> _Work to complete_: For the material that follows, return exactly the lines from the one with "#239=VECTOR('',#238,1.);" through the one with "#267=EDGE_CURVE('E288',#266,#158,#264,.T.);", both ends included.

> _Extracted records_:
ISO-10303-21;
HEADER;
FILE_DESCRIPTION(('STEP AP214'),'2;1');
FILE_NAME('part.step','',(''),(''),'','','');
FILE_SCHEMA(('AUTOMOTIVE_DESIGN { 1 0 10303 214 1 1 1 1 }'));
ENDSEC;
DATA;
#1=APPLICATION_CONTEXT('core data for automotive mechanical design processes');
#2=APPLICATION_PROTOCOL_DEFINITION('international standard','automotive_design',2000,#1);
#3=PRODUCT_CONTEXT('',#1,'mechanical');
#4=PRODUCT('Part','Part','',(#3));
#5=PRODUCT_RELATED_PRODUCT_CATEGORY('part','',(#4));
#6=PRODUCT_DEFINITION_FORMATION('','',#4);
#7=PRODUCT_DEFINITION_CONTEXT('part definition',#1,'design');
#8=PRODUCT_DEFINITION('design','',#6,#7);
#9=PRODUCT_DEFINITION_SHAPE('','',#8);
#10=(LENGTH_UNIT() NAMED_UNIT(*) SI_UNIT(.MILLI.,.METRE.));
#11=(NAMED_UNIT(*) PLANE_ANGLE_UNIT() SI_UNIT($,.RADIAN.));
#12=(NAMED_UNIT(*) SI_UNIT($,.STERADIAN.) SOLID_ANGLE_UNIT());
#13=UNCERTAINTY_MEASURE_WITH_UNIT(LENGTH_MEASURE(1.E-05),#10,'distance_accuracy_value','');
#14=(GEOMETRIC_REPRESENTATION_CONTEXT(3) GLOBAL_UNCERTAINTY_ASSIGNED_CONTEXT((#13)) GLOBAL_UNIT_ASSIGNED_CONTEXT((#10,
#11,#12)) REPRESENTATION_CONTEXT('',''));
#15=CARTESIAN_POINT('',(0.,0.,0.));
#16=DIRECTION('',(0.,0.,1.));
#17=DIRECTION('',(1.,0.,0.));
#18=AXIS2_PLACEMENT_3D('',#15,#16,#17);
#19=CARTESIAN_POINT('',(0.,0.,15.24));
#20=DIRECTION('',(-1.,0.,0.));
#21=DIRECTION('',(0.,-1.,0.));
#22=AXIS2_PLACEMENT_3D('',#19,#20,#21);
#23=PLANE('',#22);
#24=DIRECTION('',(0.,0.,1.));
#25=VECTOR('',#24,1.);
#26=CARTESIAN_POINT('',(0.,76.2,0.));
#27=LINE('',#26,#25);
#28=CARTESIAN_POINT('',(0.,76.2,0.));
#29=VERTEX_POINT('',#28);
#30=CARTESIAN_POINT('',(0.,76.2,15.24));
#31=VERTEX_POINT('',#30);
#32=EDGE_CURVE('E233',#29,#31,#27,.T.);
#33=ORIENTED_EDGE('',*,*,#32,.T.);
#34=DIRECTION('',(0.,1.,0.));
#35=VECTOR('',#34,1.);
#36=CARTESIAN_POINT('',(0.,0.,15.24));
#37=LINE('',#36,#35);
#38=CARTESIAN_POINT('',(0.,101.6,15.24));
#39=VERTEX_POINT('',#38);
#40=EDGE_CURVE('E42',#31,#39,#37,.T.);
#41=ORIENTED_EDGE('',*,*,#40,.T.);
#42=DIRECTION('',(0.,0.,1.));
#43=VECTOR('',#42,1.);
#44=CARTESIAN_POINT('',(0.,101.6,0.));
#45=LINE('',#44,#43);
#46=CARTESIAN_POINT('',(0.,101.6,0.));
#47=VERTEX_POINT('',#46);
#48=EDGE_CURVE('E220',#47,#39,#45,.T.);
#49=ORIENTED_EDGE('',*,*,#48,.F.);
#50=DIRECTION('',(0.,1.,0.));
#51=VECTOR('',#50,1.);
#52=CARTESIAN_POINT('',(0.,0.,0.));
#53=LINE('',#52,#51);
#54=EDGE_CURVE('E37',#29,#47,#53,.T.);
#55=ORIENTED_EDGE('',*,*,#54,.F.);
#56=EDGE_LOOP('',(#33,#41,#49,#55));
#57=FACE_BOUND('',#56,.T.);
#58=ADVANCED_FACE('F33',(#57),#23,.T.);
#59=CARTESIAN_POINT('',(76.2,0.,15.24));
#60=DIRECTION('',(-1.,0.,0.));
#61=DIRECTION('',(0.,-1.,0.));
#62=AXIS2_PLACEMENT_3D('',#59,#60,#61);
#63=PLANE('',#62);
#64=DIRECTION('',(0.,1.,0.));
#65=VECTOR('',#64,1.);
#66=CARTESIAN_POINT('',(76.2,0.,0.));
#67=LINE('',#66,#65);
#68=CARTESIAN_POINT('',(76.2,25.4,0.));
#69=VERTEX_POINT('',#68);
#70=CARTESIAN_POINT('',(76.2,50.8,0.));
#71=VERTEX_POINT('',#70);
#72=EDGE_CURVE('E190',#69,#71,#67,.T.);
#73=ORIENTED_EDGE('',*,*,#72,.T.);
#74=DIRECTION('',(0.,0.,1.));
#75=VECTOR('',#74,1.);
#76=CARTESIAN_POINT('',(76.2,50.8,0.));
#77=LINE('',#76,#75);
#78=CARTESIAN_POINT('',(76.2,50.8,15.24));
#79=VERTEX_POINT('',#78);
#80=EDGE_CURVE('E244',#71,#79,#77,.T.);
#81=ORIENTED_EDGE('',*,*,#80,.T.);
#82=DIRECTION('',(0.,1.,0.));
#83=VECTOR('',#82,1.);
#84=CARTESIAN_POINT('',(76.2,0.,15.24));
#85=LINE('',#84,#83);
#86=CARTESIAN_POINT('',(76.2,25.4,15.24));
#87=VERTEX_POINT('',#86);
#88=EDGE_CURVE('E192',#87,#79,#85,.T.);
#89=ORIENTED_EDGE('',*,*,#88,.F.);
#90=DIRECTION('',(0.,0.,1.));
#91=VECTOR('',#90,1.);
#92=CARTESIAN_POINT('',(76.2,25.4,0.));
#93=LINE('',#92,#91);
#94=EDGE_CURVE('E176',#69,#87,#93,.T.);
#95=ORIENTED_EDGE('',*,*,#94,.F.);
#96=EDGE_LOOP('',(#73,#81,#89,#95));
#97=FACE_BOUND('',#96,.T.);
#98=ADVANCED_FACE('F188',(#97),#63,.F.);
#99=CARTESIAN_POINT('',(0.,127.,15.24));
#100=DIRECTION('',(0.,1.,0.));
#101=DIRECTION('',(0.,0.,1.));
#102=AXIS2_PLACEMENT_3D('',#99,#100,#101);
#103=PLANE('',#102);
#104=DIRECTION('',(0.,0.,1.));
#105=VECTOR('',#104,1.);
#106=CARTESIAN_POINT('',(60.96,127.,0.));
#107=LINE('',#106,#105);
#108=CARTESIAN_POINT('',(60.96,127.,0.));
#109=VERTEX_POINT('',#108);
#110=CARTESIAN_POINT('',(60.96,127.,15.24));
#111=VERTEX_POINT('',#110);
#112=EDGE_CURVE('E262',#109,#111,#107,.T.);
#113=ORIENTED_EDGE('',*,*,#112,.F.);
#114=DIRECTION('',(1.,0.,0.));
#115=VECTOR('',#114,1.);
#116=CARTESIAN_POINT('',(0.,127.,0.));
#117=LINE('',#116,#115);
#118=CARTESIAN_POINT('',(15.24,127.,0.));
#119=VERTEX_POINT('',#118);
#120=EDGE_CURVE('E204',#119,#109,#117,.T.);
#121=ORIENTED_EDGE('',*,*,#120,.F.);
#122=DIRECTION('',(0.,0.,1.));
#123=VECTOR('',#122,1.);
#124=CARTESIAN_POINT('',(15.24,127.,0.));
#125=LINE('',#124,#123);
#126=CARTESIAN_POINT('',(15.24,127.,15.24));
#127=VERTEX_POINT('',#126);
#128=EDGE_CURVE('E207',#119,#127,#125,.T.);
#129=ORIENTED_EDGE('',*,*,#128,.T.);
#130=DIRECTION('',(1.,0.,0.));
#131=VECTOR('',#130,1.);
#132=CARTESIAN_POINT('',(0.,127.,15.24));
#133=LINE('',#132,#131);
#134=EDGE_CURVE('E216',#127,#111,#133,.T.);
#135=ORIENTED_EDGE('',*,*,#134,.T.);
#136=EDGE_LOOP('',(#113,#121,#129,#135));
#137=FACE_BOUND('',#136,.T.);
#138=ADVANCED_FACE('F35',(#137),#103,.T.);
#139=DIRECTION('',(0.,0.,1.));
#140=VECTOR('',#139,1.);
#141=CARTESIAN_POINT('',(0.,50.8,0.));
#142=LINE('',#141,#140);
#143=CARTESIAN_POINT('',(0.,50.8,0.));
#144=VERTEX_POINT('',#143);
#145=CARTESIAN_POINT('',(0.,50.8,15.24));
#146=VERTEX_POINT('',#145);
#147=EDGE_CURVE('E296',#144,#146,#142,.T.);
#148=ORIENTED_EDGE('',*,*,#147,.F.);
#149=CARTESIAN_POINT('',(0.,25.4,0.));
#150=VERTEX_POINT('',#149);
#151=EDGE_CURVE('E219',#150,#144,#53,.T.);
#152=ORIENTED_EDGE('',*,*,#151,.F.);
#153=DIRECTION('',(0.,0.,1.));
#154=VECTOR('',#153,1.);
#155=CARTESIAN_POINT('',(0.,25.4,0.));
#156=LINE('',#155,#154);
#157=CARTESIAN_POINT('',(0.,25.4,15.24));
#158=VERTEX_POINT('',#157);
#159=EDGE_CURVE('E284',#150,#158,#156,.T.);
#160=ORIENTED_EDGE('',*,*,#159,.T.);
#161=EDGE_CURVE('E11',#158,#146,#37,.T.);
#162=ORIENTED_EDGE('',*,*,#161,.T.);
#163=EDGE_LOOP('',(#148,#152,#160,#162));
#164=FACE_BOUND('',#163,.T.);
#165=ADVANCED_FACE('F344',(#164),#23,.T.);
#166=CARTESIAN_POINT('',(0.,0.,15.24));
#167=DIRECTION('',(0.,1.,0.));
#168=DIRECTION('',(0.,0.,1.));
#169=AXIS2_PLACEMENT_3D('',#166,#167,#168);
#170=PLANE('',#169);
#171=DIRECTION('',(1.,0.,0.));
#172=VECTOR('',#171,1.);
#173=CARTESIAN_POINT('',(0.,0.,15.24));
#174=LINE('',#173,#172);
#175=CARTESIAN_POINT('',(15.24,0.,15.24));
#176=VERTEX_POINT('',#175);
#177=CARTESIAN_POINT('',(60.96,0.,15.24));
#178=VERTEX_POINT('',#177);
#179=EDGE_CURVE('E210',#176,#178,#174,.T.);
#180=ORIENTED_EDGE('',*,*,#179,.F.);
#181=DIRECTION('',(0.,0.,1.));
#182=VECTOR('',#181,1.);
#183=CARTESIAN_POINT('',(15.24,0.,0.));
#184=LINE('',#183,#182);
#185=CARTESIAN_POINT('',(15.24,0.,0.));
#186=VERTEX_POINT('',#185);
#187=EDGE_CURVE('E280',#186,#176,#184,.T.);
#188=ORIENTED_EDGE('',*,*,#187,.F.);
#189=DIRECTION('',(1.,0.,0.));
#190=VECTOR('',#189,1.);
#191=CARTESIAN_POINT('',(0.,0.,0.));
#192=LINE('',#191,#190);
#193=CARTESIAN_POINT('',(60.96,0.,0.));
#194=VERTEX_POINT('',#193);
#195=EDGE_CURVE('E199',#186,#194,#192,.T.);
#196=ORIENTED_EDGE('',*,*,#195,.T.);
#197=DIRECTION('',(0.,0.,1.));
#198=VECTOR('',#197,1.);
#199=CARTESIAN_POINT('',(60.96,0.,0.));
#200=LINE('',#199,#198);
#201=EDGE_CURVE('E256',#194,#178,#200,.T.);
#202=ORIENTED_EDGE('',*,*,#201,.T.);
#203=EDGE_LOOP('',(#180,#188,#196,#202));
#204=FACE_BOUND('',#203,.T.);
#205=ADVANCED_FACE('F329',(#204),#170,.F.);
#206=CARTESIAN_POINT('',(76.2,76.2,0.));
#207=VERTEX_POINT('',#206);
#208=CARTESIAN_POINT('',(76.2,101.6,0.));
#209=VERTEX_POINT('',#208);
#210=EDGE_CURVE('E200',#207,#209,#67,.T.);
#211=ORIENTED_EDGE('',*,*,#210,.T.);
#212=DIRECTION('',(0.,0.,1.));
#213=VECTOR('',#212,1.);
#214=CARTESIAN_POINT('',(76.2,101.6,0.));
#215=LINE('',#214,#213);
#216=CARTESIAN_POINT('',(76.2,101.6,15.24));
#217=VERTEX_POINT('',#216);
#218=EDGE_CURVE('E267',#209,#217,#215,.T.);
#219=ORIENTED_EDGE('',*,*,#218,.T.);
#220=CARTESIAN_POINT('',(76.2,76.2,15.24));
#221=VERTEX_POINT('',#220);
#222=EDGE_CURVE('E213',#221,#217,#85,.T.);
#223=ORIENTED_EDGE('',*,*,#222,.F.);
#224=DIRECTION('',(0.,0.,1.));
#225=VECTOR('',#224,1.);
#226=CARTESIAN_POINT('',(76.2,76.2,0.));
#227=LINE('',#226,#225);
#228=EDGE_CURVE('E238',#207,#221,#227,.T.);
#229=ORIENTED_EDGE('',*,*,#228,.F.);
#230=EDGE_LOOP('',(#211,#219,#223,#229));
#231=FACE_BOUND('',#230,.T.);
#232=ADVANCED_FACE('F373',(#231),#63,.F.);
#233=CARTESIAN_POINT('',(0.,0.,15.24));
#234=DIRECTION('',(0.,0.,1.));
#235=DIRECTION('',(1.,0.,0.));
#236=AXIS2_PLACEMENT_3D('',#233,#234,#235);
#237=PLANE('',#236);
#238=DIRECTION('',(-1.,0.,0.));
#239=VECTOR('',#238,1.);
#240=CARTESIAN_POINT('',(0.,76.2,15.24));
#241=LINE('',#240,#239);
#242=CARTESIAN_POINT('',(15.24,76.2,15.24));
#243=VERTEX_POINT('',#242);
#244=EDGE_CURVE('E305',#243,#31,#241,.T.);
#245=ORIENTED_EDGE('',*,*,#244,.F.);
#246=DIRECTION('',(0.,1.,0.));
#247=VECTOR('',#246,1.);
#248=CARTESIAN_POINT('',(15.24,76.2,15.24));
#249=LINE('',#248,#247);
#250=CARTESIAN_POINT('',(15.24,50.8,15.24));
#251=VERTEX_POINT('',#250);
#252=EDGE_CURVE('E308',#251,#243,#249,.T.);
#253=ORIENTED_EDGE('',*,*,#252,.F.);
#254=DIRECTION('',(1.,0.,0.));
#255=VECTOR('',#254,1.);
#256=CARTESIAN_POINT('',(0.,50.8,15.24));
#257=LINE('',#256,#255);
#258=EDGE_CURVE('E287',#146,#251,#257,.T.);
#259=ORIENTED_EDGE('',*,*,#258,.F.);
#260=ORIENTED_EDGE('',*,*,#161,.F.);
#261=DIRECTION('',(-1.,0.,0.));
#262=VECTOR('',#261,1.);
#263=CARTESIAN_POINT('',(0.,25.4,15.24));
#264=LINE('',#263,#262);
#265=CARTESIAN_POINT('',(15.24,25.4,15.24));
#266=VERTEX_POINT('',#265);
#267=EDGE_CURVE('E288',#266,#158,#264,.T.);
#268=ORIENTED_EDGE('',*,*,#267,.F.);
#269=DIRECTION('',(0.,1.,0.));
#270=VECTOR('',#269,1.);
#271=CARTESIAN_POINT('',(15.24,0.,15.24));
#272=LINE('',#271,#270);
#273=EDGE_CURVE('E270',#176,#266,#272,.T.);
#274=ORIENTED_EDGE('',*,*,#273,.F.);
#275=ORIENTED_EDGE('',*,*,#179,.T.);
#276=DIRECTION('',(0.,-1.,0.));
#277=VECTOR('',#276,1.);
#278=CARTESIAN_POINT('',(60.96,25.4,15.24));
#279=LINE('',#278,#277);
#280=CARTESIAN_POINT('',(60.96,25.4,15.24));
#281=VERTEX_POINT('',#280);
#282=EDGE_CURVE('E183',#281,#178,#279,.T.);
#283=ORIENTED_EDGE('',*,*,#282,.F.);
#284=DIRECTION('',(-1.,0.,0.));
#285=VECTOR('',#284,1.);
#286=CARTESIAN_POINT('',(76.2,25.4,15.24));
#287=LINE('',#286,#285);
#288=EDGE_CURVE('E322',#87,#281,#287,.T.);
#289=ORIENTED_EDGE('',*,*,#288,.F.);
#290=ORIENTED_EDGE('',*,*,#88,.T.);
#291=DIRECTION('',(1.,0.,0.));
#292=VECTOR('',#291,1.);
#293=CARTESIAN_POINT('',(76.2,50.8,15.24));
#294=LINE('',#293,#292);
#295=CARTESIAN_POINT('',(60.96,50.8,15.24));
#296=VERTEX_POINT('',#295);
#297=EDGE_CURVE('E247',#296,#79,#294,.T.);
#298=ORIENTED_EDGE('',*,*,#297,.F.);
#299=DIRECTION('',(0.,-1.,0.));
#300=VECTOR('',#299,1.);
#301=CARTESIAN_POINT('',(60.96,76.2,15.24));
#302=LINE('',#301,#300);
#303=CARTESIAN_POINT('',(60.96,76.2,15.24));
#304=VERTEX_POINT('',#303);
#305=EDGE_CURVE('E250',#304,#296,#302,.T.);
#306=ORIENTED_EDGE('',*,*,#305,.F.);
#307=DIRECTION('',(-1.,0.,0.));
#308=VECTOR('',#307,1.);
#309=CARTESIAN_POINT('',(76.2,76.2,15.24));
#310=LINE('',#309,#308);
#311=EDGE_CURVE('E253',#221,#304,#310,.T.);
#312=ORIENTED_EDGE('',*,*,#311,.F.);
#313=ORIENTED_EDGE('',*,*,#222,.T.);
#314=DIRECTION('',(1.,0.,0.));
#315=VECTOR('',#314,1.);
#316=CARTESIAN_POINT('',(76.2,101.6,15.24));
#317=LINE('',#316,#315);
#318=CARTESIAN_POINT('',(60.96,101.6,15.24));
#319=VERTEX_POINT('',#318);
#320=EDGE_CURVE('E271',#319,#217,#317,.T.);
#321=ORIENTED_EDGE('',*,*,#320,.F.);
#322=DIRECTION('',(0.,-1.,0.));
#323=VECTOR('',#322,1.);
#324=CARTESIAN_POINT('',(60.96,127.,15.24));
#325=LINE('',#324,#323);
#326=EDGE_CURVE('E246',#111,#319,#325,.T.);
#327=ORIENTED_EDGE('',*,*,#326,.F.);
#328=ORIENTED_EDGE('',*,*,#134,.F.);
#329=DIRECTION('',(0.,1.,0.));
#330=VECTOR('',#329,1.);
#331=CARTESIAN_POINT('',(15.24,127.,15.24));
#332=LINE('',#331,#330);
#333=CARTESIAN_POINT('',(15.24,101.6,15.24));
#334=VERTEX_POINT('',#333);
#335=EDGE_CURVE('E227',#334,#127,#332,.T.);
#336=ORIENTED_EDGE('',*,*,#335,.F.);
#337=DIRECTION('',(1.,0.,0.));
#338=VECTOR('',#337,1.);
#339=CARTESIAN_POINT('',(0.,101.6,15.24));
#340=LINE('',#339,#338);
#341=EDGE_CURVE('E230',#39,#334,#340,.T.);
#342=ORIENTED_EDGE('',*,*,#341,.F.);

> _Output of the task_:
#239=VECTOR('',#238,1.);
#240=CARTESIAN_POINT('',(0.,76.2,15.24));
#241=LINE('',#240,#239);
#242=CARTESIAN_POINT('',(15.24,76.2,15.24));
#243=VERTEX_POINT('',#242);
#244=EDGE_CURVE('E305',#243,#31,#241,.T.);
#245=ORIENTED_EDGE('',*,*,#244,.F.);
#246=DIRECTION('',(0.,1.,0.));
#247=VECTOR('',#246,1.);
#248=CARTESIAN_POINT('',(15.24,76.2,15.24));
#249=LINE('',#248,#247);
#250=CARTESIAN_POINT('',(15.24,50.8,15.24));
#251=VERTEX_POINT('',#250);
#252=EDGE_CURVE('E308',#251,#243,#249,.T.);
#253=ORIENTED_EDGE('',*,*,#252,.F.);
#254=DIRECTION('',(1.,0.,0.));
#255=VECTOR('',#254,1.);
#256=CARTESIAN_POINT('',(0.,50.8,15.24));
#257=LINE('',#256,#255);
#258=EDGE_CURVE('E287',#146,#251,#257,.T.);
#259=ORIENTED_EDGE('',*,*,#258,.F.);
#260=ORIENTED_EDGE('',*,*,#161,.F.);
#261=DIRECTION('',(-1.,0.,0.));
#262=VECTOR('',#261,1.);
#263=CARTESIAN_POINT('',(0.,25.4,15.24));
#264=LINE('',#263,#262);
#265=CARTESIAN_POINT('',(15.24,25.4,15.24));
#266=VERTEX_POINT('',#265);
#267=EDGE_CURVE('E288',#266,#158,#264,.T.);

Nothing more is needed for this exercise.